# Best English School in Mexico City



## HeidiSMex (Jul 4, 2016)

Hello to all,

I am currently coordinating a relocation project for my organization who is setting up in Mexico. I am looking for recommendations on international elementary/high school in Mexico City.

many thanks Heidi


----------



## michmex (Jul 15, 2012)

HeidiSMex said:


> Hello to all,
> 
> I am currently coordinating a relocation project for my organization who is setting up in Mexico. I am looking for recommendations on international elementary/high school in Mexico City.
> 
> many thanks Heidi


Google is your friend. Link to search results for international schools in Mexico City. You can go directly to the school's site or read the reviews from Google. The schools are very expensive catering primarily to business expats and wealthy Mexicans.

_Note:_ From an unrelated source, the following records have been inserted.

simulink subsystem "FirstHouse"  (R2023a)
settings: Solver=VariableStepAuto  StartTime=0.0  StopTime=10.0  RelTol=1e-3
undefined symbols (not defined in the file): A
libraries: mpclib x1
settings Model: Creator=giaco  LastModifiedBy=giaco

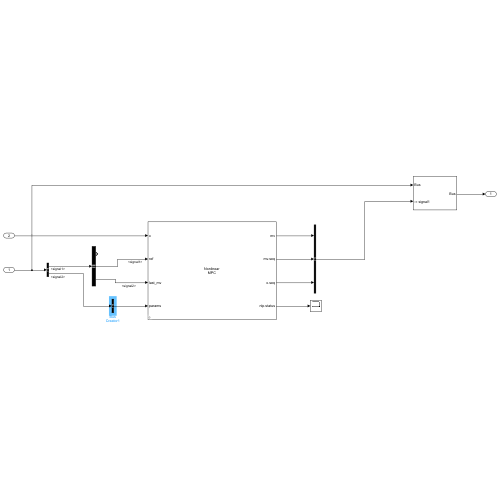
[thumbnail: Simulink's stored preview of the top-level diagram]
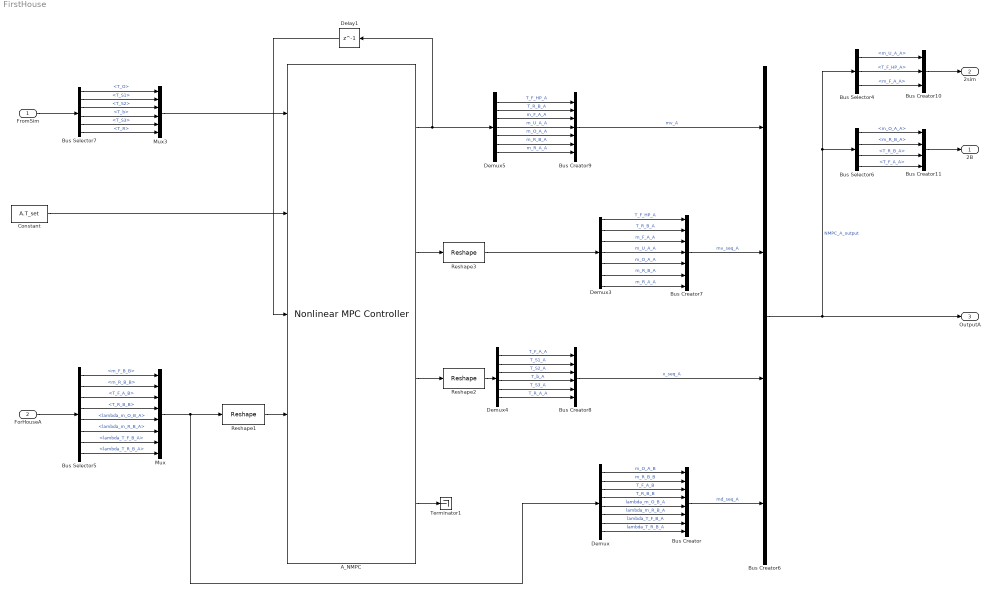
== system FirstHouse ==
  FromSim : Inport
  ForHouseA : Inport  Port=2
  A_NMPC : mpclib/Nonlinear MPC Controller  nlmpcobj=A.nlobj  UseObjectTs=on  UseMEX=off  md_enabled=on  mvtarget_enabled=off  param_enabled=on  cost_enabled=off  mvseq_enabled=on  stateseq_enabled=on  ovseq_enabled=off  slack_enabled=off  status_enabled=on  ov_min=off  ov_max=off  mv_min=off  mv_max=off  mvrate_min=off  mvrate_max=off  state_min=off  state_max=off  ov_weight=off  mv_weight=off  mvrate_weight=off  ecr_weight=off  nlp_initialize=off
  Bus Creator : BusCreator  Inputs=8  OutDataTypeStr=Bus: Bus_md_seq_A
  Bus Creator10 : BusCreator  Inputs=3
  Bus Creator11 : BusCreator  Inputs=4
  Bus Creator6 : BusCreator  Inputs=4  OutDataTypeStr=Bus: NMPC_A_output
  Bus Creator7 : BusCreator  Inputs=7  OutDataTypeStr=Bus: Bus_mv_seq_A
  Bus Creator8 : BusCreator  Inputs=6  OutDataTypeStr=Bus: Bus_x_seq_A
  Bus Creator9 : BusCreator  Inputs=7  OutDataTypeStr=Bus: Bus_mv_A
  Bus Selector4 : BusSelector  OutputSignals=mv_A.m_U_A_A,mv_A.T_F_HP_A,mv_A.m_F_A_A
  Bus Selector5 : BusSelector  OutputSignals=B2A.m_F_B_B,B2A.m_R_B_B,B2A.T_F_A_B,B2A.T_R_B_B,A_storage.md_seq.lambda_m_O_B_A,A_storage.md_seq.lambda_m_R_B_A,A_storage.md_seq.lambda_T_F_B_A,A_storage.md_seq.lambda_T_R_B_A
  Bus Selector6 : BusSelector  OutputSignals=mv_seq_A.m_O_A_A,mv_seq_A.m_R_B_A,mv_seq_A.T_R_B_A,x_seq_A.T_F_A_A
  Bus Selector7 : BusSelector  OutputSignals=T_O,T_S1,T_S2,T_b,T_S3,T_R
  Constant : Constant  Value=A.T_set
  Delay1 : Delay  DelayLength=1
  Demux : Demux  Outputs=8
  Demux3 : Demux  Outputs=7
  Demux4 : Demux  Outputs=6
  Demux5 : Demux  Outputs=7
  Mux : Mux  Inputs=8
  Mux3 : Mux  Inputs=6
  Reshape1 : Reshape  OutputDimensionality=Customize  OutputDimensions=[A.K, A.nu_md]
  Reshape2 : Reshape  OutputDimensionality=Customize  OutputDimensions=[(A.K+1) * A.nx, 1]
  Reshape3 : Reshape  OutputDimensionality=Customize  OutputDimensions=[(A.K+1) * A.nu_mv, 1]
  Terminator1 : Terminator
  2B : Outport
  2sim : Outport  Port=2
  OutputA : Outport  Port=3
  wires:
  Demux4/2 -> Bus Creator8/2  "T_S1_A"
  Bus Selector6/2 -> Bus Creator11/2  "<m_R_B_A>"
  Bus Creator6/1 -> OutputA/1, Bus Selector6/1, Bus Selector4/1  "NMPC_A_output"
  Demux4/4 -> Bus Creator8/4  "T_b_A"
  A_NMPC/4 -> Terminator1/1
  Mux3/1 -> A_NMPC/1
  Demux5/1 -> Bus Creator9/1  "T_F_HP_A"
  Bus Selector4/1 -> Bus Creator10/1  "<m_U_A_A>"
  Bus Selector6/3 -> Bus Creator11/3  "<T_R_B_A>"
  Demux5/4 -> Bus Creator9/4  "m_U_A_A"
  Demux4/5 -> Bus Creator8/5  "T_S3_A"
  Bus Selector6/1 -> Bus Creator11/1  "<m_O_A_A>"
  Bus Selector6/4 -> Bus Creator11/4  "<T_F_A_A>"
  Demux4/3 -> Bus Creator8/3  "T_S2_A"
  Demux4/6 -> Bus Creator8/6  "T_R_A_A"
  Bus Creator11/1 -> 2B/1
  Bus Selector4/2 -> Bus Creator10/2  "<T_F_HP_A>"
  Demux4/1 -> Bus Creator8/1  "T_F_A_A"
  Reshape1/1 -> A_NMPC/4
  Bus Creator10/1 -> 2sim/1
  Demux5/5 -> Bus Creator9/5  "m_O_A_A"
  Bus Creator8/1 -> Bus Creator6/3  "x_seq_A"
  Demux5/7 -> Bus Creator9/7  "m_R_A_A"
  Demux5/3 -> Bus Creator9/3  "m_F_A_A"
  Demux5/2 -> Bus Creator9/2  "T_R_B_A"
  Bus Selector4/3 -> Bus Creator10/3  "<m_F_A_A>"
  Bus Creator7/1 -> Bus Creator6/2  "mv_seq_A"
  A_NMPC/3 -> Reshape2/1
  Mux/1 -> Reshape1/1, Demux/1
  FromSim/1 -> Bus Selector7/1
  Delay1/1 -> A_NMPC/3
  Bus Creator9/1 -> Bus Creator6/1  "mv_A"
  Demux5/6 -> Bus Creator9/6  "m_R_B_A"
  Demux3/6 -> Bus Creator7/6  "m_R_B_A"
  Demux3/2 -> Bus Creator7/2  "T_R_B_A"
  Demux3/3 -> Bus Creator7/3  "m_F_A_A"
  Demux3/7 -> Bus Creator7/7  "m_R_A_A"
  Demux3/5 -> Bus Creator7/5  "m_O_A_A"
  Demux3/1 -> Bus Creator7/1  "T_F_HP_A"
  Demux3/4 -> Bus Creator7/4  "m_U_A_A"
  A_NMPC/2 -> Reshape3/1
  Bus Selector7/1 -> Mux3/1  "<T_O>"
  Bus Selector7/2 -> Mux3/2  "<T_S1>"
  Bus Selector7/3 -> Mux3/3  "<T_S2>"
  Bus Selector7/4 -> Mux3/4  "<T_b>"
  Bus Selector7/5 -> Mux3/5  "<T_S3>"
  Bus Selector7/6 -> Mux3/6  "<T_R>"
  Constant/1 -> A_NMPC/2
  ? -> A_NMPC/5
  Demux/5 -> Bus Creator/5  "lambda_m_O_B_A"
  Demux/7 -> Bus Creator/7  "lambda_T_F_B_A"
  Demux/8 -> Bus Creator/8  "lambda_T_R_B_A"
  Demux/4 -> Bus Creator/4  "T_R_B_B"
  Demux/6 -> Bus Creator/6  "lambda_m_R_B_A"
  Demux/2 -> Bus Creator/2  "m_R_B_B"
  Demux/1 -> Bus Creator/1  "m_O_A_B"
  Demux/3 -> Bus Creator/3  "T_F_A_B"
  Bus Selector5/1 -> Mux/1  "<m_F_B_B>"
  Bus Selector5/2 -> Mux/2  "<m_R_B_B>"
  Bus Selector5/3 -> Mux/3  "<T_F_A_B>"
  Bus Selector5/4 -> Mux/4  "<T_R_B_B>"
  Bus Creator/1 -> Bus Creator6/4  "md_seq_A"
  Bus Selector5/8 -> Mux/8  "<lambda_T_R_B_A>"
  Bus Selector5/5 -> Mux/5  "<lambda_m_O_B_A>"
  Bus Selector5/6 -> Mux/6  "<lambda_m_R_B_A>"
  Bus Selector5/7 -> Mux/7  "<lambda_T_F_B_A>"
  ForHouseA/1 -> Bus Selector5/1
  Reshape2/1 -> Demux4/1
  Reshape3/1 -> Demux3/1
  A_NMPC/1 -> Delay1/1, Demux5/1

https://www.google.com/search?q=int...ty&aqs=chrome..69i57&sourceid=chrome&ie=UTF-8

Our 12 year old goes to a bilingual school. Bilingual here usually means that almost all of the instruction is in Spanish with some English language classes mixed in. We wanted our son to be bilingual in both language and culture. Something we thought that could be better received in a middle class environment. The monthly tuition cost at our son's school is about $5,000 MXN Pesos or about $275 USD at today's exchange rate. Add to that an annual inscription fee and the cost of books and uniforms.


----------



## Isla Verde (Oct 19, 2011)

The American School may be the best of its kind in Mexico City, and very expensive and hard to get into. Anyway, here's the link: The American School Foundation Home


----------



## HeidiSMex (Jul 4, 2016)

Thanks to all for your suggestions...I did already google and research several schools but at the end of the day, there is nothing more valuable than personal recommendations.


----------